EGSD Yönetim Kurulu Başkanı Hayati Ertuğrul:

“Enflasyonu daha da artıracak”
Asgari ücret artışları, emek yoğun sektörler olarak tekstil ve hazır giyimi yakından
ilgilendiren bir konu. Bu anlamda çalışanların refahı ve ücretlerindeki artış tüm
işverenleri mutlu etse de enflasyonun yüzde 20-25 bandında açıklandığı bir ortamda
asgari ücrete yapılan yüzde 50 artışın zaten yüksek seyreden enflasyonun daha hızlı
artmasını da sağlayacaktır. Enflasyon ile mücadele kapsamında atılan makro
adımların bugüne kadar etkili sonuç vermediği bir ortamda asgari ücrete yapılan bu
artışla sağlanan görece refahın kısa sürede eriyeceğini düşünüyoruz. 2022 yılının ilk
çeyreğinde daha da yüksek enflasyon ile karşılaşmamız muhtemeldir. Asgari ücretin
artışına bağlı olarak gelişen süreçte enflasyon mücadelesinin doğru politikalarla
desteklenmesi artık kaçınılmaz bir konu olarak önümüzde duruyor.

Ege Finans Derneği Başkanı Osman Cengiz
“Güven yaratacak istikrarlı politikalar şart”

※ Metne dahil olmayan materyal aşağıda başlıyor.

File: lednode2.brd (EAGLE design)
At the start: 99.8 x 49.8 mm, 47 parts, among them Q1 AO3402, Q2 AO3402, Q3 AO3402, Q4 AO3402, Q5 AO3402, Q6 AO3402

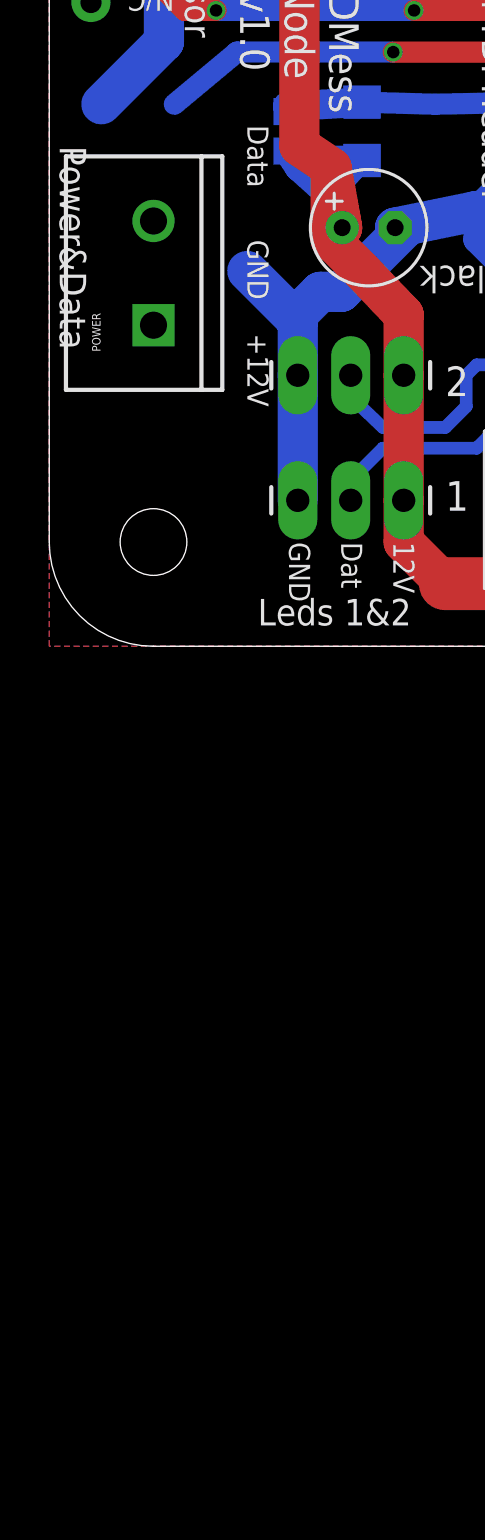
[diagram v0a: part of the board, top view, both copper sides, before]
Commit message: Working on new node version.
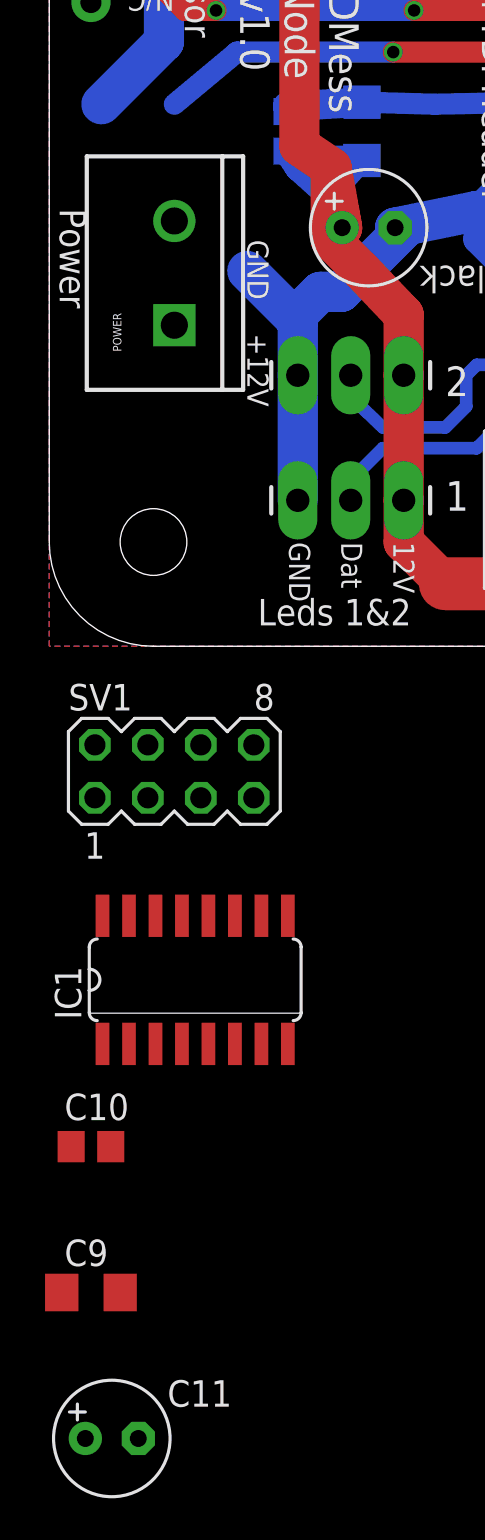
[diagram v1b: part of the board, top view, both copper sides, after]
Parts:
- added C10: 100 nF, rcl:C0805
- added C11: 100 uF, rcl:E2,5-6
- added C9: 10 uF, rcl:C1206
- added IC1: 74HCT595D, 74xx-eu:SO16
- added SV1: (no value), con-lstb:MA04-2
- moved POWER 1.00 mm to (6.00, 15.4)
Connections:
- new net +3V3: C10.1, C11.+, C9.1
- new net N$17: SV1.1
- new net N$18: SV1.3
- new net N$19: SV1.5
- new net N$20: SV1.7
- new net N$21: SV1.8
- new net N$22: SV1.6
- new net N$23: SV1.4
- new net N$24: SV1.2
- new net N$25: IC1.12
- new net N$26: IC1.11
- new net N$27: IC1.14
- new net VCC: IC1.16
- net GND: now also C10.2, C11.-, C9.2, IC1.8
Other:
- board text added: "Power"
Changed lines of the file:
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@@
 <text x="48.5" y="49" size="1.27" layer="112" font="vector" ratio="10" rot="SR180">Power&amp;Data</text>
 <text x="37.5" y="1" size="1.27" layer="112" font="vector" ratio="10" rot="SR0">Power&amp;Data</text>
-<text x="0.5" y="24" size="1.27" layer="112" font="vector" ratio="10" rot="SR270">Power&amp;Data</text>
+<text x="0.5" y="21" size="1.27" layer="112" font="vector" ratio="10" rot="SR270">Power</text>
 <text x="99" y="12" size="1.27" layer="112" font="vector" ratio="10" rot="SR90">Power&amp;Data</text>
 <text x="10" y="1" size="1.27" layer="112" font="vector" ratio="10">Leds 1&amp;2</text>
@@
 <text x="49.5" y="39" size="1.016" layer="112" font="vector" ratio="10" rot="SR180">Data</text>
 <text x="89.5" y="11.5" size="1.016" layer="112" font="vector" ratio="10" rot="SR90">Data</text>
-<text x="9.5" y="25" size="1.016" layer="112" font="vector" ratio="10" rot="SR270">Data</text>
 <text x="84" y="45.5" size="1.016" layer="112" font="vector" ratio="10" rot="R90">In</text>
 <text x="95.5" y="32.5" size="1.016" layer="112" font="vector" ratio="10">In</text>
@@
 <element name="RESET" library="SparkFun-Connectors" package="1X01NS" value="M01SMDNS" x="30.52" y="20.32"/>
 <element name="GND" library="SparkFun-Connectors" package="1X01NS" value="M01SMDNS" x="33.06" y="20.32"/>
-<element name="POWER" library="SparkFun" package="SCREWTERMINAL-5MM-2" value="" x="5" y="15.4" rot="R90"/>
+<element name="POWER" library="SparkFun" package="SCREWTERMINAL-5MM-2" value="" x="6" y="15.4" rot="R90"/>
+<element name="SV1" library="con-lstb" package="MA04-2" value="" x="6" y="-6">
+<attribute name="OC_NEWARK" value="unknown" x="6" y="-6" size="1.778" layer="27" display="off"/>
+<attribute name="MPN" value="" x="6" y="-6" size="1.778" layer="27" display="off"/>
+<attribute name="MF" value="" x="6" y="-6" size="1.778" layer="27" display="off"/>
+<attribute name="OC_FARNELL" value="unknown" x="6" y="-6" size="1.778" layer="27" display="off"/>
+</element>
+<element name="IC1" library="74xx-eu" package="SO16" value="74HCT595D" x="7" y="-16"/>
+<element name="C9" library="rcl" package="C1206" value="10 uF" x="2" y="-31"/>
+<element name="C10" library="rcl" package="C0805" value="100 nF" x="2" y="-24"/>
+<element name="C11" library="rcl" package="E2,5-6" value="100 uF" x="3" y="-38"/>
 </elements>
 <signals>
@@
 <wire x1="83.5" y1="10" x2="88" y2="10" width="1.016" layer="16"/>
 <contactref element="POWER" pad="1"/>
+<contactref element="IC1" pad="8"/>
+<contactref element="C9" pad="2"/>
+<contactref element="C10" pad="2"/>
+<contactref element="C11" pad="-"/>
+<wire x1="81.72" y1="12.3" x2="83.5" y2="10" width="0" layer="19" extent="16-16"/>
+<wire x1="17" y1="37" x2="17.08" y2="37" width="0" layer="19" extent="16-16"/>
+<wire x1="23" y1="26.05" x2="26.5" y2="28" width="0" layer="19" extent="16-16"/>
+<wire x1="27.5" y1="10" x2="25.6" y2="12.3" width="0" layer="19" extent="16-16"/>
+<wire x1="6" y1="15.4" x2="9.5" y2="18" width="0" layer="19" extent="16-16"/>
+<wire x1="11.445" y1="-19.0734" x2="11.92" y2="7" width="0" layer="19" extent="1-1"/>
+<wire x1="2.95" y1="-24" x2="11.445" y2="-19.0734" width="0" layer="19" extent="1-1"/>
+<wire x1="3.4" y1="-31" x2="2.95" y2="-24" width="0" layer="19" extent="1-1"/>
+<wire x1="4.27" y1="-38" x2="3.4" y2="-31" width="0" layer="19" extent="1-1"/>
 </signal>
 <signal name="+5V">
@@
 <wire x1="30.52" y1="20.32" x2="31.38" y2="17.38" width="1.016" layer="1"/>
 </signal>
+<signal name="N$17">
+<contactref element="SV1" pad="1"/>
+</signal>
+<signal name="N$18">
+<contactref element="SV1" pad="3"/>
+</signal>
+<signal name="N$19">
+<contactref element="SV1" pad="5"/>
+</signal>
+<signal name="N$20">
+<contactref element="SV1" pad="7"/>
+</signal>
+<signal name="N$21">
+<contactref element="SV1" pad="8"/>
+</signal>
+<signal name="N$22">
+<contactref element="SV1" pad="6"/>
+</signal>
+<signal name="N$23">
+<contactref element="SV1" pad="4"/>
+</signal>
+<signal name="N$24">
+<contactref element="SV1" pad="2"/>
+</signal>
+<signal name="VCC">
+<contactref element="IC1" pad="16"/>
+</signal>
+<signal name="N$25">
+<contactref element="IC1" pad="12"/>
+</signal>
+<signal name="N$26">
+<contactref element="IC1" pad="11"/>
+</signal>
+<signal name="N$27">
+<contactref element="IC1" pad="14"/>
+</signal>
+<signal name="+3V3">
+<contactref element="C9" pad="1"/>
+<contactref element="C10" pad="1"/>
+<contactref element="C11" pad="+"/>
+<wire x1="0.6" y1="-31" x2="1.73" y2="-38" width="0" layer="19" extent="1-1"/>
+<wire x1="1.05" y1="-24" x2="0.6" y2="-31" width="0" layer="19" extent="1-1"/>
+</signal>
 </signals>

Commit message: Working on lednode v2.0
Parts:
- removed IC1: 74HCT595D, 74xx-eu:SO16
- removed LEDS6: (no value), SparkFun-Connectors:1X03_LONGPADS
- removed Q6: AO3402, adafruit:SOT23-W
- removed R1, R2, R3: 10k, rcl:R0805
- removed SENSOR1, SENSOR2: (no value), SparkFun-Connectors:1X03
- removed SHAKE: SW-18010P, sensor-comus-group:CM4400
- removed SPOT6: M025MM, SparkFun-Connectors:SCREWTERMINAL-5MM-2
- removed SV1: (no value), con-lstb:MA04-2
- removed THERM: 10k, discrete-fixed-thermistor-silk:R-7,5
- added 3.3V_REGULATOR: AMS1117-3.3, burr-brown:SOT223
- added C12: 22uF, Tantalum, rcl:SMC_A
- added C13: (22uF, Tantalum), rcl:SMC_A
- added C14, C15: 100 uF, rcl:E2,5-6
- added IO1, IO2: (no value), SparkFun-Connectors:1X03
- added L1: WS2812B, adafruit:WS2812B
- added POWERLED: (no value), led:1206
- added RADIO: NRF24L01, con-lstb:MA04-2
- C9: value 10 uF -> 100 uF; device rcl:C1206 -> rcl:E2,5-6
- moved C11 86.6 mm to (31.0, 44.0), turned to 180 degrees
- moved C10 76.0 mm to (36.0, 44.0), flipped to the bottom, turned to 270 degrees
- moved LEDS3 52.0 mm to (35.0, 9.00)
- moved C9 48.8 mm to (15.0, 16.0), turned to 180 degrees
- moved LEDS4 43.2 mm to (44.0, 9.00)
- moved SPOT5 34.7 mm to (91.0, 36.0), turned to 270 degrees
- moved SPOT4 29.7 mm to (91.0, 22.0), turned to 270 degrees
- moved C2 28.8 mm to (43.7, 14.9), turned to 180 degrees
- moved SPOT1 28.1 mm to (57.0, 9.00)
- moved Q1 27.6 mm to (52.0, 13.0)
- moved Q4 24.6 mm to (86.0, 17.0), turned to 90 degrees
- moved PIR 24.3 mm to (73.5, 45.0), turned to 180 degrees
- moved Q5 24.2 mm to (85.0, 30.0), turned to 90 degrees
- moved SOUND_SENSOR 22.5 mm to (23.5, 45.0), turned to 180 degrees
- moved C1 16.2 mm to (70.5, 19.0), turned to 90 degrees
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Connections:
- net EXTRA_SENSOR1 renamed EXTRA_IO1
- net EXTRA_SENSOR2 renamed EXTRA_IO2
- removed net DATA_BUS: U$1.17
- removed net LEDSTRIP6: LEDS6.2, U$1.19
- removed net N$12: Q6.1, RN3.5
- removed net N$17: SV1.1
- removed net N$18: SV1.3
- removed net N$19: SV1.5
- removed net N$20: SV1.7
- removed net N$21: SV1.8
- removed net N$22: SV1.6
- removed net N$23: SV1.4
- removed net N$24: SV1.2
- removed net N$25: IC1.12
- removed net N$26: IC1.11
- removed net N$27: IC1.14
- removed net SHAKE: R1.2, SHAKE.1, U$1.15
- removed net SPOTLIGHT6: RN3.4, RN4.5, U$1.14
- removed net TEMPERATURE: R2.2, THERM.2, U$1.A6
- removed net VCC: IC1.16
- new net RADIO_CE: RADIO.3, U$1.18
- new net RADIO_CSN: RADIO.4, U$1.17
- new net RADIO_IRQ: RADIO.8
- new net RADIO_MISO: RADIO.7, U$1.15
- new net RADIO_MOSI: RADIO.6, U$1.14
- new net RADIO_SCK: RADIO.5, U$1.16
- new net STATUS_AND_LEDSTRIP5: L1.4-DIN, U$1.20
- net +12V: now also 3.3V_REGULATOR.3, C13.+, C14.+, C9.+; no longer LEDS6.1, SPOT6.1
- net +3V3: now also 3.3V_REGULATOR.2, C12.+, POWERLED.A, RADIO.2; no longer C9.1
- net +5V: now also C15.+, IO1.3, IO2.3, L1.1-VDD; no longer SENSOR1.3, SENSOR2.3, SHAKE.2, THERM.1
- net GND: now also 3.3V_REGULATOR.1, C12.-, C13.-, C14.-, C15.-, C9.-, IO1.1, IO2.1, L1.3-GND, RADIO.1, RN3.4; no longer C9.2, IC1.8, LEDS6.3, Q6.2, R1.1, R2.1, R3.1, SENSOR1.1, SENSOR2.1
- net LEDSTRIP1: now also U$1.5; no longer U$1.7
- net LEDSTRIP2: now also U$1.7; no longer U$1.5
- net LEDSTRIP5: now also L1.2-DOUT; no longer U$1.18
- net LIGHTLEVEL: now also RN4.5; no longer R3.2
- net N$11: now also POWERLED.C, RN3.5; no longer Q6.3, SPOT6.2
- net N$13: now also IO2.2; no longer SENSOR2.2
- net PROXIMITY: now also U$1.A6; no longer U$1.16
- net SENSOR1: now also IO1.2; no longer SENSOR1.2
- net SOUND_ANALOG: now also U$1.19; no longer U$1.20
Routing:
- net GND: track 472.1 -> 36.4 mm
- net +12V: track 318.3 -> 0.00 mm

Asgari ücrete yapılan yüzde 50.5 artış yüksek görünse de burada orandan çok
paranın satın alma gücünün önemi var. Son dönemdeki maliyet artışları ve üretici
enflasyonundaki yüksek artış önümüzdeki 1-3 ay içinde tüketiciye yansıyacak
görünüyor. Yatırım, istihdam, üretim için ihtiyaç duyduğumuz sermayeyi ülkeye
getirecek güven yaratacak istikrarlı politikalar ile faiz, döviz ve enflasyonu kontrol
altında tutabilirsek paranın satın alma gücünü korumuş oluruz. Yeni asgari ücretin
amacına ulaşması, dayanışma ve sosyal barışa katkı sağlamasını dilerim.